Девушка оказалась еще тоньше, чем мне вначале показалось, а глаза ее — еще голубей.
— Меня зовут Барби-Энн. А это мой отец, Генри Розитер. — Она кивнула в сторону главы стола.
У него сохранилась осанка некогда крупного мужчины, а кисти и запястья человека, который, по-видимому, когда-то обладал недюжинной силой. Теперь же это был старый, седой человек с усами, как у моржа, и слишком длинными белыми волосами. Его глаза смотрели невидящим взглядом, однако я откуда-то знал его тоже.
Я поздоровался и представился, и его голова качнулась в ответ. Он перевел незрячий взгляд в мою сторону, но настолько точно, что я почувствовал некоторое беспокойство.
— Кто это сказал? — хрипло спросил он. — Кто говорил?
— Это новый работник, отец. Он только что приехал вместе с ребятами.
— Мы немного повздорили с Бэлчем и Сэддлером, — объяснил Хинг. — Он принял нашу сторону.
О, он знал! Он все знал, однако оказался настолько проницательным, чтобы не задавать больше вопросов… по крайней мере насчет меня.
— Нам понадобится работник. Ты готов воевать, сынок?
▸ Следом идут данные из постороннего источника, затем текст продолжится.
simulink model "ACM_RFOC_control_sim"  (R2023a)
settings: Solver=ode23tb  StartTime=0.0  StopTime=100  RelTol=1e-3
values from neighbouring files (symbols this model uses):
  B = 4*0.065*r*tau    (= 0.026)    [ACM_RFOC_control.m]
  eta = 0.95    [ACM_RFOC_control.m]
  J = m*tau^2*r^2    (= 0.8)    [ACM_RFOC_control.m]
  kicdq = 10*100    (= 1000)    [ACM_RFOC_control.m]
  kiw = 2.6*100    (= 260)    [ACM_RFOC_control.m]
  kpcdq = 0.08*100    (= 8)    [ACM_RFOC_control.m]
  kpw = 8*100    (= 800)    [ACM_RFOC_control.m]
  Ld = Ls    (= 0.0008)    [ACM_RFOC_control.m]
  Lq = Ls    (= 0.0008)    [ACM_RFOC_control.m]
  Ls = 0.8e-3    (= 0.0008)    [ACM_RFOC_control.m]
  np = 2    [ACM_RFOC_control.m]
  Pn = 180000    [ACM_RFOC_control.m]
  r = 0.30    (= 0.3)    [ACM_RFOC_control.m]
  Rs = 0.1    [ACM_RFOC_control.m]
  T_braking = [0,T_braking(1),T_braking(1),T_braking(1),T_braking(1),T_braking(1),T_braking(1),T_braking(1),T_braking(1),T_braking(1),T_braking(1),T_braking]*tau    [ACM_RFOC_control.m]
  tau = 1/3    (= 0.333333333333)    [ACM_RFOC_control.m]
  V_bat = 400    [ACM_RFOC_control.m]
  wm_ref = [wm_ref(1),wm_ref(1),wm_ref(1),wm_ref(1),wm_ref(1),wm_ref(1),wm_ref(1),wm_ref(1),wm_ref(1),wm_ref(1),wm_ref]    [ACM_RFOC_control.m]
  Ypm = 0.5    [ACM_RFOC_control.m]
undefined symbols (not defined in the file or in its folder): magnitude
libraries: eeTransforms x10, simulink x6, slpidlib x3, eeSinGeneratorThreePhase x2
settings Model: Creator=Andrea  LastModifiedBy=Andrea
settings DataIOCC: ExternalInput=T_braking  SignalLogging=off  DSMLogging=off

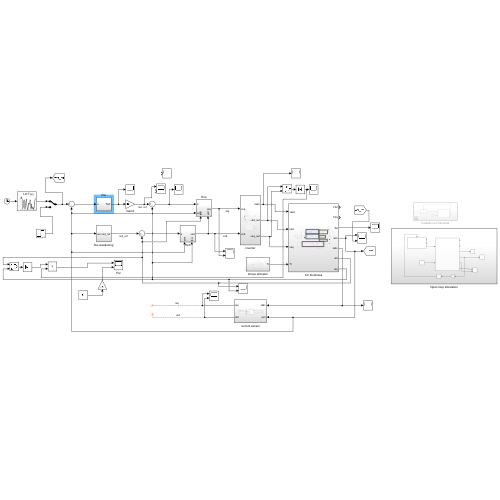
[thumbnail: Simulink's stored preview of the top-level diagram]
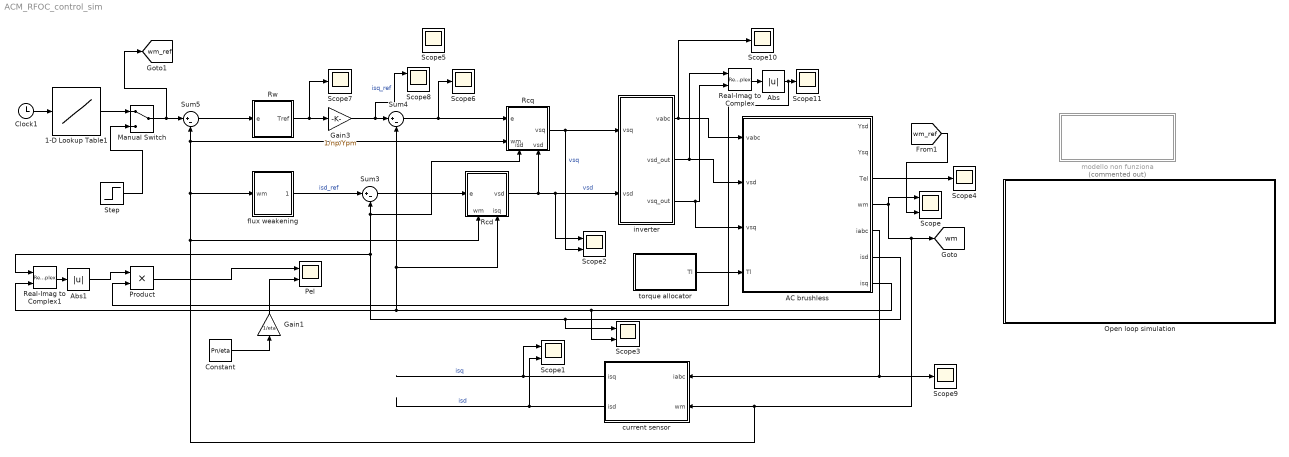
== system ACM_RFOC_control_sim ==
  1-D Lookup Table1 : Lookup_n-D  NumberOfTableDimensions=1  BreakpointsForDimension1=[1:110]  Table=wm_ref  InternalRulePriority=Speed  RndMeth=Simplest
  AC brushless : Subsystem
  Abs : Abs  SaturateOnIntegerOverflow=off
  Abs1 : Abs  SaturateOnIntegerOverflow=off
  Clock1 : Clock
  Constant : Constant  Value=Pn/eta
  Gain1 : Gain  Gain=1/eta
  Gain3 : Gain  Gain=1/np/Ypm
  Manual Switch : ManualSwitch
  Open loop simulation : Subsystem
  Pel : Scope  NumInputPorts=2
  Product : Product
  Rcd : Subsystem
      settings: PortSchema="{\"entries\":[{\"content\":{\"sides\":[{\"content\":{\"connectorIds\":[\"In1\"]},\"type\":\"ConnectorPlacement.EquallySpacedRectSide\",\"uuid\":\"23793d53-caa7-4018-8f4d-565852559395\"},{\"content\":{\"connectorIds\":[\"Out1\"],\"side\":\"RIGHT\"},\"type\":\"ConnectorPlacement.EquallySpacedRectSide\",\"uuid\":\"88f2ca51-1f93-4f76-be8d-3d72c9d34655\"},{\"content\":{\"side\":\"TOP\"},\"type\":\"ConnectorPlacement.EquallySpacedRectSide\",\"uuid\":\"77d93f05-e147-4578-8c10-5fdfccddb555\"},{\"content\":{\"connectorIds\":[\"In2\",\"In3\"],\"side\":\"BOTTOM\"},\"type\":\"ConnectorPlacement.EquallySpacedRectSide\",\"uuid\":\"f8a8ac17-3a4e-4c2c-a5d2-1e0f1c43c6fd\"}]},\"type\":\"ConnectorPlacement.EquallySpacedConnector\",\"uuid\":\"b07d9bbc-e243-43ed-b2c7-1c5a31fa8f78\"}],\"packageUris\":[\"http://schema.mathworks.com/mf0/Connector/R2020b\"],\"version\":\"1.0\"}"
  Rcq : Subsystem
      settings: PortSchema="{\"entries\":[{\"content\":{\"sides\":[{\"content\":{\"connectorIds\":[\"In1\",\"In2\"]},\"type\":\"ConnectorPlacement.EquallySpacedRectSide\",\"uuid\":\"dab87072-766d-41a1-a118-bbd40100a473\"},{\"content\":{\"connectorIds\":[\"Out1\"],\"side\":\"RIGHT\"},\"type\":\"ConnectorPlacement.EquallySpacedRectSide\",\"uuid\":\"2792f500-2696-4550-b610-3ad599a2e919\"},{\"content\":{\"side\":\"TOP\"},\"type\":\"ConnectorPlacement.EquallySpacedRectSide\",\"uuid\":\"5afabe98-fd88-4ded-b895-1d6d2b269472\"},{\"content\":{\"connectorIds\":[\"In3\",\"In4\"],\"side\":\"BOTTOM\"},\"type\":\"ConnectorPlacement.EquallySpacedRectSide\",\"uuid\":\"36dc90c1-3e0f-43e1-9eb1-d8fd404d0fb0\"}]},\"type\":\"ConnectorPlacement.EquallySpacedConnector\",\"uuid\":\"373984ad-aaa1-434b-9efe-1ec2f56933da\"}],\"packageUris\":[\"http://schema.mathworks.com/mf0/Connector/R2020b\"],\"version\":\"1.0\"}"
  Real-Imag to Complex : RealImagToComplex
  Real-Imag to Complex1 : RealImagToComplex
  Rw : Subsystem
  Scope{,1..3,8} (5 alike) : Scope  NumInputPorts=2
  Scope{4..7,9..11} (7 alike) : Scope
  Step : Step  After=2000  SampleTime=0
  Sum3 : Sum  Inputs=|+-
  Sum4 : Sum  Inputs=|+-
  Sum5 : Sum  Inputs=|+-
  current sensor : Subsystem
  flux weakening : Subsystem
  inverter : Subsystem
  modello non funziona : Subsystem  Commented=on
  torque allocator : Subsystem
  tag scope: wm=global, wm_ref=global
  wires:
  inverter/1(vabc) -> Scope10/1, AC brushless/1(vabc)
  AC brushless/5(iabc) -> Scope9/1, current sensor/1(iabc)
  current sensor/2(isd) -> Scope1/2  "isd"
  current sensor/1(isq) -> Scope1/1  "isq"
  AC brushless/4(wm) -> Rcd/2(wm), flux weakening/1(wm), Sum5/2, Rcq/2(wm), current sensor/2(wm), [wm], Scope/1
  Gain3/1 -> Scope8/1, Sum4/1  "isq_ref"
  flux weakening/1(isd_ref) -> Sum3/1  "isd_ref"
  Sum3/1 -> Rcd/1(e)
  Rcd/1(vsd) -> Rcq/4(vsd), Scope2/1, inverter/2(vsd)  "vsd"
  Sum4/1 -> Scope6/1, Rcq/1(e)
  Rcq/1(vsq) -> Scope2/2, inverter/1(vsq)  "vsq"
  Step/1 -> Manual Switch/2
  inverter/2(vsd_out) -> Real-Imag to Complex/1, AC brushless/2(vsd)
  inverter/3(vsq_out) -> Real-Imag to Complex/2, AC brushless/3(vsq)
  AC brushless/3(Tel) -> Scope4/1
  Clock1/1 -> 1-D Lookup Table1/1
  1-D Lookup Table1/1 -> Manual Switch/1
  Manual Switch/1 -> [wm_ref], Sum5/1
  Real-Imag to Complex/1 -> Abs/1
  Abs/1 -> Product/2, Scope11/1
  [wm_ref] -> Scope/2
  Real-Imag to Complex1/1 -> Abs1/1
  AC brushless/7(isq) -> Real-Imag to Complex1/2, Rcd/3(isq), Sum4/2, Scope3/2
  AC brushless/6(isd) -> Scope3/1, Real-Imag to Complex1/1, Rcq/3(isd), Sum3/2
  Abs1/1 -> Product/1
  torque allocator/1(Tl) -> AC brushless/4(Tl)
  Sum5/1 -> Rw/1(e)
  Constant/1 -> Gain1/1
  Rw/1(Tref) -> Scope7/1, Gain3/1
  Product/1 -> Pel/1
  Gain1/1 -> Pel/2

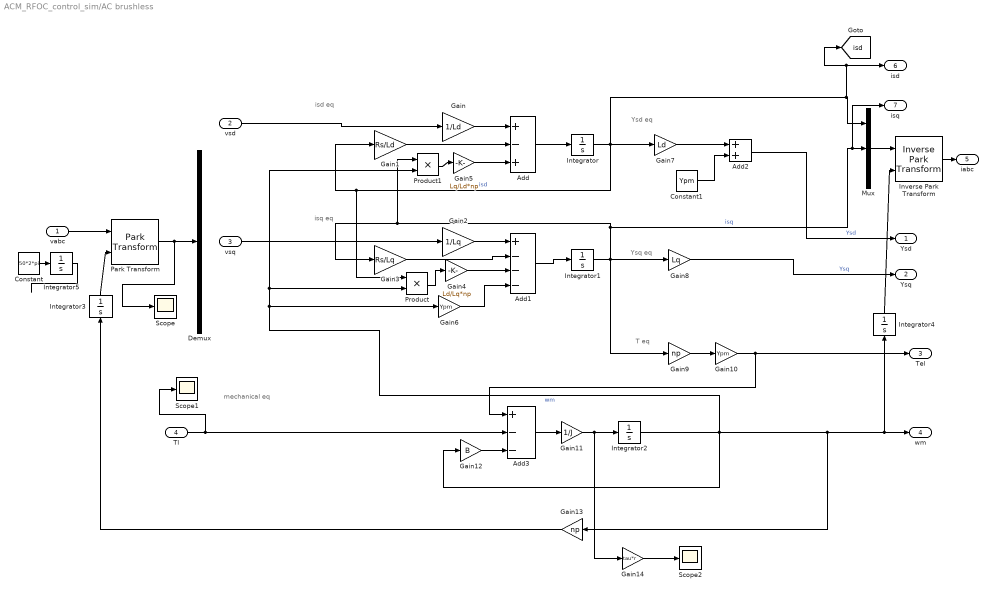
== system ACM_RFOC_control_sim/AC brushless ==
  note: Ysq eq
  note: Ysd eq
  note: isd eq
  note: isq eq
  note: T eq
  note: mechanical eq
  vabc : Inport
  vsd : Inport  Port=2
  vsq : Inport  Port=3
  Tl : Inport  Port=4
  Add : Sum  Inputs=+-+
  Add1 : Sum  Inputs=+---
  Add2 : Sum
  Add3 : Sum  Inputs=+--
  Constant : Constant  Value=50*2*pi
  Constant1 : Constant  Value=Ypm
  Demux : Demux  Outputs=3
  Gain : Gain  Gain=1/Ld
  Gain1 : Gain  Gain=Rs/Ld
  Gain10 : Gain  Gain=Ypm
  Gain11 : Gain  Gain=1/J
  Gain12 : Gain  Gain=B
  Gain13 : Gain  Gain=np
  Gain14 : Gain  Gain=tau*r
  Gain2 : Gain  Gain=1/Lq
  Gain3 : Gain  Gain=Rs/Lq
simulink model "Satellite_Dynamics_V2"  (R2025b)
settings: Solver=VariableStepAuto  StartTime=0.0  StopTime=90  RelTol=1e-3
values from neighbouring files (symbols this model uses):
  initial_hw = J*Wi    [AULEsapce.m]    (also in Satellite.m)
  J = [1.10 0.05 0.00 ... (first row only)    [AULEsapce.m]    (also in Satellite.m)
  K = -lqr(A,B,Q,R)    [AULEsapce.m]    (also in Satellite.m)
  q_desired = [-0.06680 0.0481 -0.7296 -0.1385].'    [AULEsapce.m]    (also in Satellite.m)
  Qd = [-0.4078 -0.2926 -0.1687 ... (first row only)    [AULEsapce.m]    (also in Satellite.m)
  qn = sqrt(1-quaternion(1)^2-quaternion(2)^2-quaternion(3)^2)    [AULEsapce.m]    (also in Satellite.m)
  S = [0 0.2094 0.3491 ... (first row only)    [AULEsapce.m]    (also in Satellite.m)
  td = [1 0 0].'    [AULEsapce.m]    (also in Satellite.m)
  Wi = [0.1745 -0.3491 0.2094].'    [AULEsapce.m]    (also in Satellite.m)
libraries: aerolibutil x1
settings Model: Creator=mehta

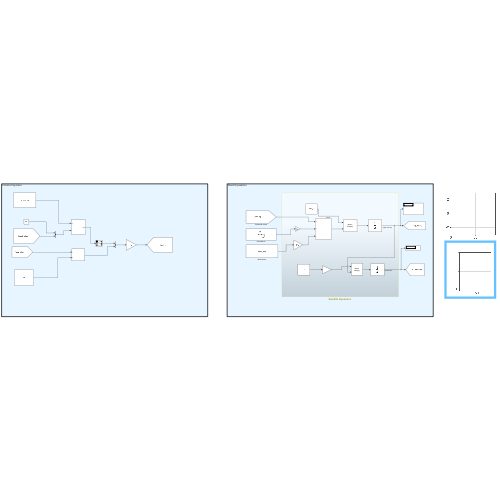
[thumbnail: Simulink's stored preview of the top-level diagram]
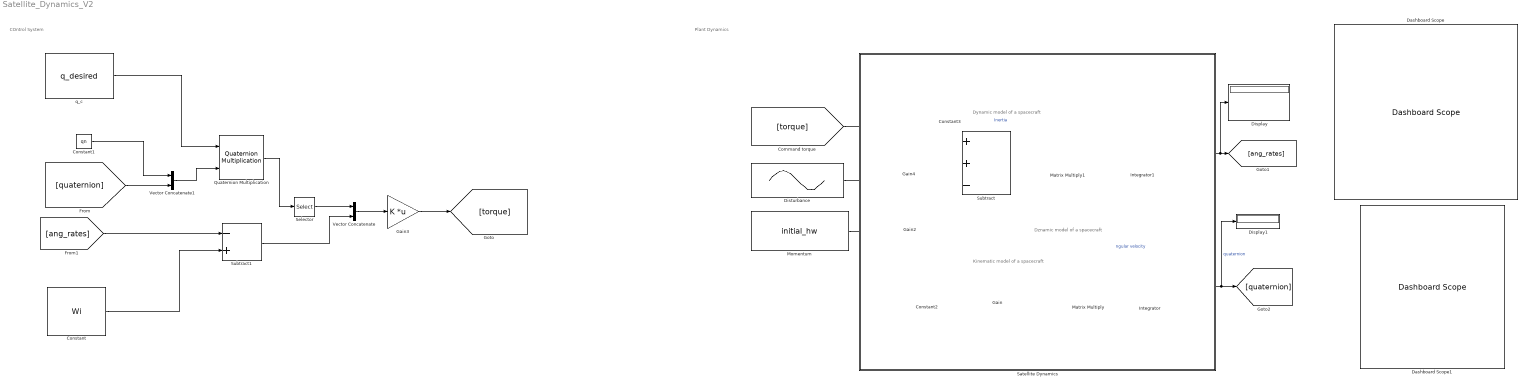
== system Satellite_Dynamics_V2 ==
  note: Dynamic model of a spacecraft
  note: Plant Dynamics
  note: Dznamic model of a spacecraft
  note: Kinematic model of a spacecraft
  note: COntrol System
  Constant : Constant  Value=Wi
  Constant1 : Constant  Value=qn
  Constant2 : Constant  Value=1/2
  Constant3 : Constant  Value=inv(J)
  Dashboard Scope : DashboardScope  FontColor=[0.0, 0.0, 0.0]
  Dashboard Scope1 : DashboardScope  FontColor=[0.0, 0.0, 0.0]
  Display : Display
  Display1 : Display
  Disturbance : Sin  Amplitude=10^(-6)  Frequency=0.1  SampleTime=0.1  VectorParams1D=off
  Gain : Gain  Gain=Qd
  Gain2 : Gain  Gain=S  Multiplication=Matrix(K*u)
  Gain3 : Gain  Gain=K  Multiplication=Matrix(K*u)
  Gain4 : Gain  Gain=td  Multiplication=Matrix(K*u)
  Integrator : Integrator
  Integrator1 : Integrator
  Matrix Multiply : Product  Multiplication=Matrix(*)
  Matrix Multiply1 : Product  Multiplication=Matrix(*)
  Momentum : Constant  Value=initial_hw
  Quaternion Multiplication : aerolibutil/Quaternion Multiplication
  "Satellite Dynamics " : Subsystem
  Selector : Selector  InputPortWidth=4  IndexOptions=Index vector (dialog)  Indices=[2 3 4]  OutputSizes=1
  Subtract : Sum  Inputs=++-
  Subtract1 : Sum  Inputs=-+
  Vector Concatenate : Concatenate
  Vector Concatenate1 : Concatenate
  q_c : Constant  Value=q_desired
  wires:
  Disturbance/1 -> Gain4/1
  Momentum/1 -> Gain2/1
  [torque] -> Subtract/1
  q_c/1 -> Quaternion Multiplication/1
  Constant2/1 -> Gain/1
  Integrator1/1 -> Matrix Multiply/2, Display/1, [ang_rates]  "ngular velocity"
  Integrator/1 -> Display1/1, [quaternion]  "quaternion"
  Matrix Multiply/1 -> Integrator/1
  Gain3/1 -> [torque]
  Quaternion Multiplication/1 -> Selector/1
  Vector Concatenate/1 -> Gain3/1
  Gain2/1 -> Subtract/3
  Gain4/1 -> Subtract/2
  Constant1/1 -> Vector Concatenate1/1
  [quaternion] -> Vector Concatenate1/2
  Selector/1 -> Vector Concatenate/1
  Matrix Multiply1/1 -> Integrator1/1
  Subtract/1 -> Matrix Multiply1/2
  Constant3/1 -> Matrix Multiply1/1  "Inertia"
  Subtract1/1 -> Vector Concatenate/2
  [ang_rates] -> Subtract1/1
  Constant/1 -> Subtract1/2
  Gain/1 -> Matrix Multiply/1
  Vector Concatenate1/1 -> Quaternion Multiplication/2

== system Satellite_Dynamics_V2/Satellite Dynamics  ==
  note: Satellite Dynamics Block:

— Я родился готовым, — ответил я, — хотя мирно разъезжаю, пока меня не трогают.
— Если хочешь, можешь ехать, — заметил Розитер. —Направишься на запад или север — проедешь спокойно. На юг или восток — у тебя мало шансов пробиться… очень мало.
Медленно, немного небрежным тоном Хинг объяснил, что произошло при встрече с Бэлчем и Сэддлером, изобразив довольно скупую, но не оставлявшую ни в ком сомнений картину случившегося.
Барби-Энн ела молча. Раза два она взглянула на меня с беспокойством, но не более того. Никто особенно не разговаривал, поскольку у обитателей ранчо не в обычае болтать за ужином. Прием пищи — серьезное занятие, и мы придерживались этой заповеди. Однако у меня дома разговаривали. Папа, образованный человек, питал к этому слабость, да ему и было что сказать, и все мы любили поговорить. Мы часто беседовали, но только между собой.
Загрузив желудки пирогом, ковбои принялись за кофе. Розитер перевел свои незрячие глаза на Хинга.
— Будут неприятности?
— Видимо, так. Думаю, он намерен держать нас по ту сторону плато, не обращая внимание, где чей скот пасется. И хотя мы готовы драться, нам просто не одолеть их.
Розитер повернул голову ко мне и снова не промахнулся ни на йоту.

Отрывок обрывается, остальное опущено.